Capacitive Control of Spontaneously Induced Electrical Charge of Droplet by Electric Field-Assisted Pipetting

https://doi.org/10.1007/s40820-015-0048-2
Horim Lee
Department of Mechanical Engineering, Pohang University of Science and Technology (POSTECH), 77 Cheongam-ro, Pohang, Gyeongbuk 790-784, South Korea
Dongwhi Choi
Department of Mechanical Engineering, Pohang University of Science and Technology (POSTECH), 77 Cheongam-ro, Pohang, Gyeongbuk 790-784, South Korea
Dong Sung Kim
Department of Mechanical Engineering, Pohang University of Science and Technology (POSTECH), 77 Cheongam-ro, Pohang, Gyeongbuk 790-784, South Korea
Geunbae Lim
Department of Mechanical Engineering, Pohang University of Science and Technology (POSTECH), 77 Cheongam-ro, Pohang, Gyeongbuk 790-784, South Korea

Corresponding Author: Geunbae Lim

limmems@postech.ac.kr

Nano-Micro Letters, Vol. 7 No. 4 (2015), Article Number: 341-346

Abstract

The spontaneously generated electrical charge of a droplet dispensed from conventional pipetting is undesirable and unpredictable for most experiments that use pipetting.

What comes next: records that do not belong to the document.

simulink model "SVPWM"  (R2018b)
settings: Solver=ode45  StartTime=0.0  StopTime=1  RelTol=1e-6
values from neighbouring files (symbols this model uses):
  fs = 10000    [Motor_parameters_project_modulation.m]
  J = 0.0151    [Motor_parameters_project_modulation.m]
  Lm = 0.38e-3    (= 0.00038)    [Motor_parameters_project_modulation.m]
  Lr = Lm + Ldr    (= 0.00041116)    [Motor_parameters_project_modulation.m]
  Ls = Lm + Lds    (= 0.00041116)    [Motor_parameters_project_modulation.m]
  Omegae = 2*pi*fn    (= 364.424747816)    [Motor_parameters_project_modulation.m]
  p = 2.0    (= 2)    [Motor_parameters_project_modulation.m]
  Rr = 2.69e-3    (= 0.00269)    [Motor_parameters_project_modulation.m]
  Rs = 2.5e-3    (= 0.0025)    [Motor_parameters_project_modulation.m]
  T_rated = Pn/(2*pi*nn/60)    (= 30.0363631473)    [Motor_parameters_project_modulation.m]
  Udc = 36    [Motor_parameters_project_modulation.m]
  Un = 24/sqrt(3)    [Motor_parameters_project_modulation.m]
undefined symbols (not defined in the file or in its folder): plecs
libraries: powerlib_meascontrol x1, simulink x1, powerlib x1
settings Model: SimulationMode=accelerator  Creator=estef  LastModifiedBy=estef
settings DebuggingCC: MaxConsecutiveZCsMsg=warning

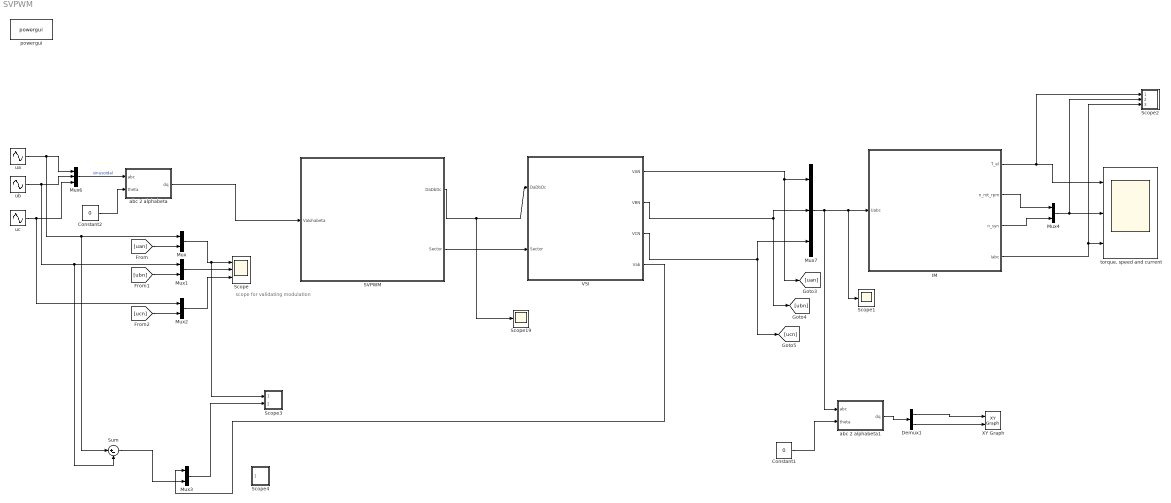
== system SVPWM ==
  note: scope for validating modulation
  Constant1 : Constant  Value=0
  Constant2 : Constant  Value=0
  Demux1 : Demux  Outputs=2
  "IM " : Subsystem
  Mux{,1..4} (5 alike) : Mux  Inputs=2
  Mux6 : Mux  Inputs=3
  Mux7 : Mux  Inputs=3
  "SVPWM " : Subsystem
  Scope : Scope  NumInputPorts=3
  Scope1 : Scope
  Scope19 : Scope
  Scope2 : Subsystem  LoadFcn=plecs('sl', 300);  InitFcn=plecs('sl', 314);  StartFcn=plecs('sl', 308);  StopFcn=plecs('sl', 309);  mask{Settings=}
      mask init:
      | plecs('sl', 315);
      settings: CopyFcn=plecs('sl', 303);  DeleteFcn=plecs('sl', 305);  UndoDeleteFcn=plecs('sl', 306);  PreSaveFcn=plecs('sl', 311);  NameChangeFcn=plecs('sl', 310);  DestroyFcn=plecs('sl', 307);  OpenFcn=plecs('sl', 302);  ErrorFcn=plerrorfcn
      mask Display: plot([0.1 0.9 0.9 0.1 0.1], [0.9 0.9 0.5 0.5 0.9])
  Scope3 : Subsystem  LoadFcn=plecs('sl', 300);  InitFcn=plecs('sl', 314);  StartFcn=plecs('sl', 308);  StopFcn=plecs('sl', 309);  mask{Settings=}
      mask init:
      | plecs('sl', 315);
      settings: CopyFcn=plecs('sl', 303);  DeleteFcn=plecs('sl', 305);  UndoDeleteFcn=plecs('sl', 306);  PreSaveFcn=plecs('sl', 311);  NameChangeFcn=plecs('sl', 310);  DestroyFcn=plecs('sl', 307);  OpenFcn=plecs('sl', 302);  ErrorFcn=plerrorfcn
      mask Display: plot([0.1 0.9 0.9 0.1 0.1], [0.9 0.9 0.5 0.5 0.9])
  Scope4 : Subsystem  LoadFcn=plecs('sl', 300);  InitFcn=plecs('sl', 314);  StartFcn=plecs('sl', 308);  StopFcn=plecs('sl', 309);  mask{Settings=}
      mask init:
      | plecs('sl', 315);
      settings: CopyFcn=plecs('sl', 303);  DeleteFcn=plecs('sl', 305);  UndoDeleteFcn=plecs('sl', 306);  PreSaveFcn=plecs('sl', 311);  NameChangeFcn=plecs('sl', 310);  DestroyFcn=plecs('sl', 307);  OpenFcn=plecs('sl', 302);  ErrorFcn=plerrorfcn
      mask Display: plot([0.1 0.9 0.9 0.1 0.1], [0.9 0.9 0.5 0.5 0.9])
  Sum : Sum  Inputs=|+-
  VSI : Subsystem
  XY Graph : simulink/Sinks/XY Graph  xmin=-1  xmax=1  ymin=-1  ymax=1  st=-1
  abc 2 alphabeta : Subsystem
  abc 2 alphabeta1 : Subsystem
  powergui : powerlib/powergui  Priority=1  SimulationMode=Continuous  SampleTime=50e-6  frequency=60  Iterations=50  frequencyindice=60  Pbase=100e6  ErrMax=1e-4  UnitsV=kV  UnitsW=MW  buscounter=0  FunctionMessages=off  echomessages=off  EnableUseOfTLC=off  CurrentSourceSwitches=off  DisableSnubberDevices=off  DisableRonSwitches=off  DisableVfSwitches=off  DisplayEquations=off  SolverType=Tustin/Backward Euler (TBE)  Interpol=off  ExternalGateDelay=off  methode=off  Ts=100  x0status=blocks  SPID=on  SwTol=0  HookPort=off  RestoreLinks=warning  ResistiveCurrentMeasurement=off  Frange=[0:2:500]  Ylog=off  Xlog=on  ShowGrid=off  save=off  variable=ZData  structure=phase_V  ZoomFFT=off  StartTime=0.1  cycles=10  DisplayStyle=1  fundamental=58  FreqAxis=off  MaxFrequency=1000  frequencyindicesteady=1  RmsSteady=1  display=off
  "torque, speed and current " : Scope  NumInputPorts=3
  ua : Sin  Amplitude=sqrt(2)*Un  Frequency=Omegae  SampleTime=0
  ub : Sin  Amplitude=sqrt(2)*Un  Frequency=Omegae  Phase=-2*pi/3  SampleTime=0
  uc : Sin  Amplitude=sqrt(2)*Un  Frequency=Omegae  Phase=2*pi/3  SampleTime=0
  wires:
  Mux7/1 -> abc 2 alphabeta1/1(abc), Scope1/1, "IM "/1("Uabc ")
  ub/1 -> Sum/2, Mux1/1, Mux6/2
  [ubn] -> Mux1/2
  [ucn] -> Mux2/2
  VSI/3(VCN) -> Mux7/3, [ucn]
  ua/1 -> Sum/1, Mux/1, Mux6/1
  [uan] -> Mux/2
  Mux1/1 -> Scope/2
  "IM "/1(T_el) -> Scope2/1(1), "torque, speed and current "/1
  uc/1 -> Mux2/1, Mux6/3
  VSI/1("VAN ") -> [uan], Mux7/1
  Mux2/1 -> Scope/3
  VSI/2("VBN ") -> Mux7/2, [ubn]
  Mux/1 -> Scope3/1(1), Scope/1
  "IM "/4(Iabc) -> Scope2/3(3), "torque, speed and current "/3
  Mux4/1 -> Scope2/2(2), "torque, speed and current "/2
  "IM "/2("n_rot_rpm ") -> Mux4/1
  "IM "/3("n_syn ") -> Mux4/2
  "SVPWM "/1(DaDbDc) -> Scope19/1, VSI/1(DaDbDc)
  VSI/4("Vab ") -> Mux3/1
  Constant2/1 -> abc 2 alphabeta/2(theta)
  Mux6/1 -> abc 2 alphabeta/1(abc)  "sinusoidal"
  abc 2 alphabeta/1(dq) -> "SVPWM "/1(Valohabeta)
  Constant1/1 -> abc 2 alphabeta1/2(theta)
  Demux1/2 -> XY Graph/2
  Demux1/1 -> XY Graph/1
  abc 2 alphabeta1/1(dq) -> Demux1/1
  Sum/1 -> Mux3/2
  Mux3/1 -> Scope3/2(2)
  "SVPWM "/2("Sector ") -> VSI/2("Sector ")

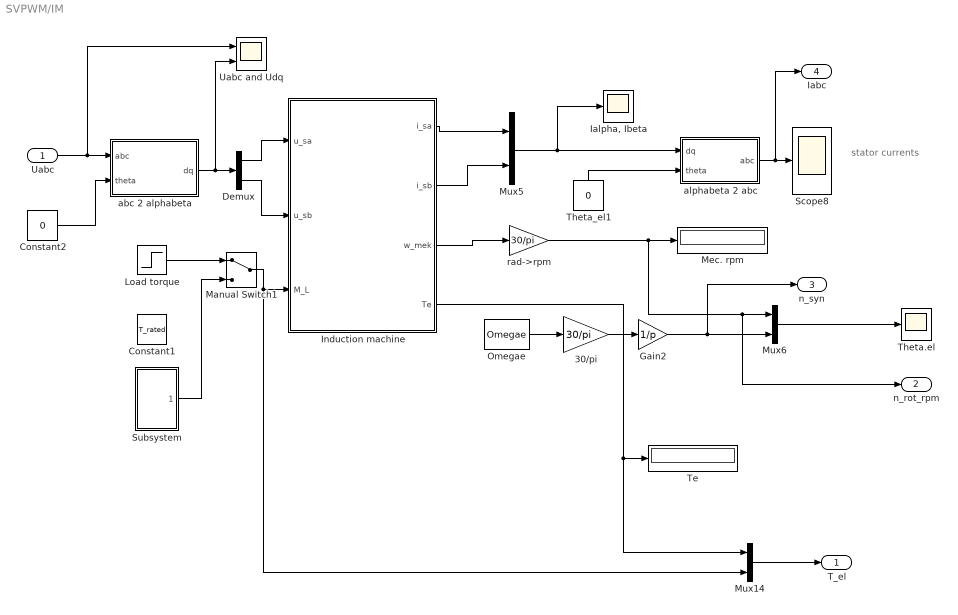
== system SVPWM/IM  ==
  note: stator currents
  "Uabc " : Inport
  30/pi : Gain  Gain=30/pi
  Constant1 : Constant  Value=T_rated
  Constant2 : Constant  Value=0
  Demux : Demux  Outputs=2
  Gain2 : Gain  Gain=1/p
  "Ialpha, Ibeta" : Scope
  "Induction machine " : Subsystem
  Load torque : Step  Time=0.3  After=T_rated  SampleTime=0
  Manual Switch1 : ManualSwitch
  Mec. rpm : Display
  Mux14 : Mux  Inputs=2
  Mux5 : Mux  Inputs=2
  Mux6 : Mux  Inputs=2
  Omegae : Constant  Value=Omegae
  Scope8 : Scope
  Subsystem : Subsystem
  Te : Display
  Theta.el : Scope
  Theta_el1 : Constant  Value=0
  Uabc and Udq : Scope  NumInputPorts=2
  abc 2 alphabeta : Subsystem
  alphabeta 2 abc : Subsystem
  rad->rpm : Gain  Gain=30/pi  SaturateOnIntegerOverflow=on  OutDataTypeStr=Inherit: Same as input  ParamDataTypeStr=Inherit: Same as input
  T_el : Outport
  "n_rot_rpm " : Outport  Port=2
  "n_syn " : Outport  Port=3
  Iabc : Outport  Port=4
  wires:
  rad->rpm/1 -> Mec. rpm/1, Mux6/1, "n_rot_rpm "/1
  "Induction machine "/4(Te) -> Mux14/1, Te/1
  Constant2/1 -> abc 2 alphabeta/2(theta)
  Manual Switch1/1 -> Mux14/2, "Induction machine "/3(M_L)
  Mux6/1 -> Theta.el/1
  abc 2 alphabeta/1(dq) -> Uabc and Udq/2, Demux/1
  Theta_el1/1 -> alphabeta 2 abc/2(theta)
  Mux14/1 -> T_el/1
  Mux5/1 -> "Ialpha, Ibeta"/1, alphabeta 2 abc/1(dq)
  "Induction machine "/1(i_sa) -> Mux5/1
  30/pi/1 -> Gain2/1
  "Induction machine "/3(w_mek) -> rad->rpm/1
  "Induction machine "/2(i_sb) -> Mux5/2
  Gain2/1 -> "n_syn "/1, Mux6/2
  Demux/1 -> "Induction machine "/1(u_sa)
  Omegae/1 -> 30/pi/1
  Demux/2 -> "Induction machine "/2(u_sb)
  "Uabc "/1 -> Uabc and Udq/1, abc 2 alphabeta/1(abc)
  alphabeta 2 abc/1(abc) -> Iabc/1, Scope8/1
  Subsystem/1(T_load) -> Manual Switch1/2
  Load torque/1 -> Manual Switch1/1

Hence, a method for controlling and removing the electrical charge needs to be developed. In this study, by using the electrode-deposited pipet tip (E-pipet tip), the charge-controlling system is newly developed and the electrical charge of a droplet is precisely controlled. The effect of electrolyte concentration and volume of the transferred solution to the electrical charge of a dispensed droplet is theoretically and experimentally investigated by using the equivalent capacitor model. Furthermore, a proof-of-concept example of the self-alignment and self-assembly of sequentially dispensed multiple droplets is demonstrated as one of the potential applications. Given that the electrical charge of the various aqueous droplets can be precisely and simply controlled, the fabricated E-pipet tip can be broadly utilized not only as a general charge-controlling platform of aqueous droplets but also as a powerful tool to explore fundamental scientific research regarding electrical charge of a droplet, such as the surface oscillation and evaporation of charged droplets.

Keywords

Pipet tip Capacitive control Electrical charge Self-assembly
Lee, Horim, Dongwhi Choi, Dong Sung Kim, and Geunbae Lim. 2015. “Capacitive Control of Spontaneously Induced Electrical Charge of Droplet by Electric Field-Assisted Pipetting”. Nano-Micro Letters 7 (4):341-46. https://doi.org/10.1007/s40820-015-0048-2.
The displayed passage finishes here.